Conventional fluids, such as water, engine oil and ethylene glycol are commonly used as heat transfer fluids. Although various techniques have been developed over the years to improve heat transfer capabilities of the conventional fluids, their low thermal conductivity diminishes the performance enhancement and the high compactness of heat exchangers for a large number of applications [1]. It is well known that the thermal properties of conventional fluids can be enhanced through the suspension of millimetre or micrometre sized solid particles. However, its usage has not been reported as heat transfer fluids due to its fast sedimentations, erosion, fouling and increasing pressure drop for pumping the fluid [14].

In 1993, Grimm obtained a patent related to the thermal conductivity improvement of a fluid containing dispersed solid particles of Al measuring 80 nm to 1 μm. Despite the 100 % thermal conductivity enhancement claimed, the suspension presented a rapid settling [5]. Two years later, Choi et al. [6] reported that an innovative class of heat transfer fluids could be engineered by suspending metallic nanoparticles in conventional fluids, appearing for the first time the word nanofluid.

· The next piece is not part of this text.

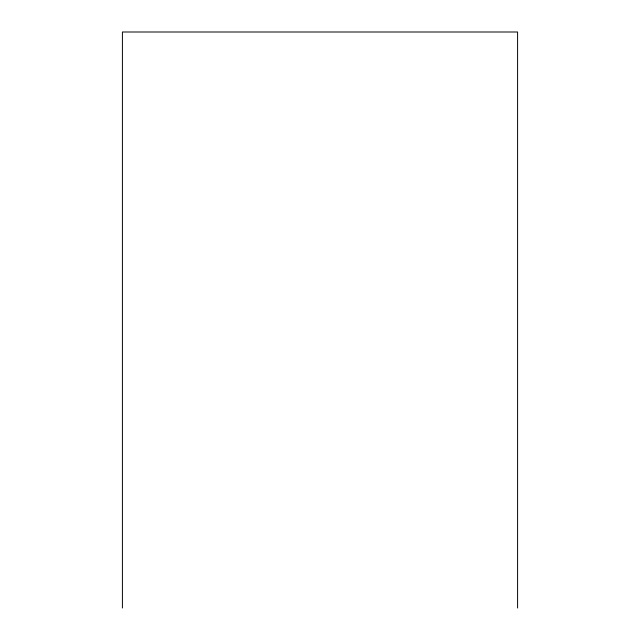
<?xml version="1.0" encoding="UTF-8"?>
<svg xmlns="http://www.w3.org/2000/svg" width="640" height="640" viewBox="0 0 640 640"><rect width="100%" height="100%" fill="white"/><g stroke="black" fill="none" stroke-linecap="round" stroke-linejoin="round"><path stroke-width="0.96" d="M517.592 608L517.592 32L122.408 32L122.408 608"/></g></svg>

Therefore, a nanofluid is a suspension of ultra-fine particles (nanometre scale) in a conventional base fluid that anomalously enhances the heat transfer characteristics of the original base fluid [7, 8]. They are expected to be ideally suited in practical applications as their use incurs little or no penalty in the pressure drop due to the ultra-fine sizes’ distribution of the nanoparticles. Moreover, these appear to behave as single-phase fluid than a solid–liquid mixture [9, 10]. Therefore, they are considered as an innovative class of heat transfer fluids, as they offer new possibilities to enhance heat transfer performance of energy systems.

The inclusion of different types of metallic and oxide nanoparticles on base fluids has been investigated by several researchers [68, 1114]. For instance, Liu et al. [14] reported an increase in thermal conductivity of 60 % for nanofluids consisting of water and 5 % volume fraction of CuO nanoparticles. Murshed et al. [15], reported an enhancement of 33 % on thermal conductivity for 5 % volumetric loading of TiO2 nanoparticles in water. Nevertheless, from experimental results, multiwalled carbon nanotubes (MWCNT) appear to be those that higher enhancement produces on the thermal conductivity of the nanofluids, for the same nanoparticles concentration [16]. This is a fundamental feature to avoid an undesired increase of the fluid viscosity and pressure drop, observed at higher nanoparticles volume fractions [17, 18].

Over the years, a broad number of researchers proposed several mechanisms in an effort to explain the thermal conductivity enhancements observed in suspensions. Bruggeman studied the thermal conductivity of micro and macroscale suspensions and found that the increased interparticle interaction contributes directly for the enhancement of the effective thermal conductivity [19]. These interactions are related to the spatial distribution of the particles and for high aspect ratio suspensions lead to the formation of percolation structures [2022]. However, the nature in how these structures are formed is still an uncertainty among researchers [23]. The Brownian motion is suggested by many authors was the key mechanism governing the thermal behaviour of nanoparticles suspended in a base fluid [24, 25]. The latter, explains the random movement among the particles through a fluid, cause by the impact of the base fluid molecules. Lamas et al. [21], studied the effect of size, shape, aspect ratio and the Brownian motion of the nanoparticles to the interparticle interaction of CNTs suspension in a base fluid. They conclude that the size, shape and aspect ratio of the nanoparticles are main factors to the formation of dynamic networks and the influence of the Brownian motion seems to be negligible to the results.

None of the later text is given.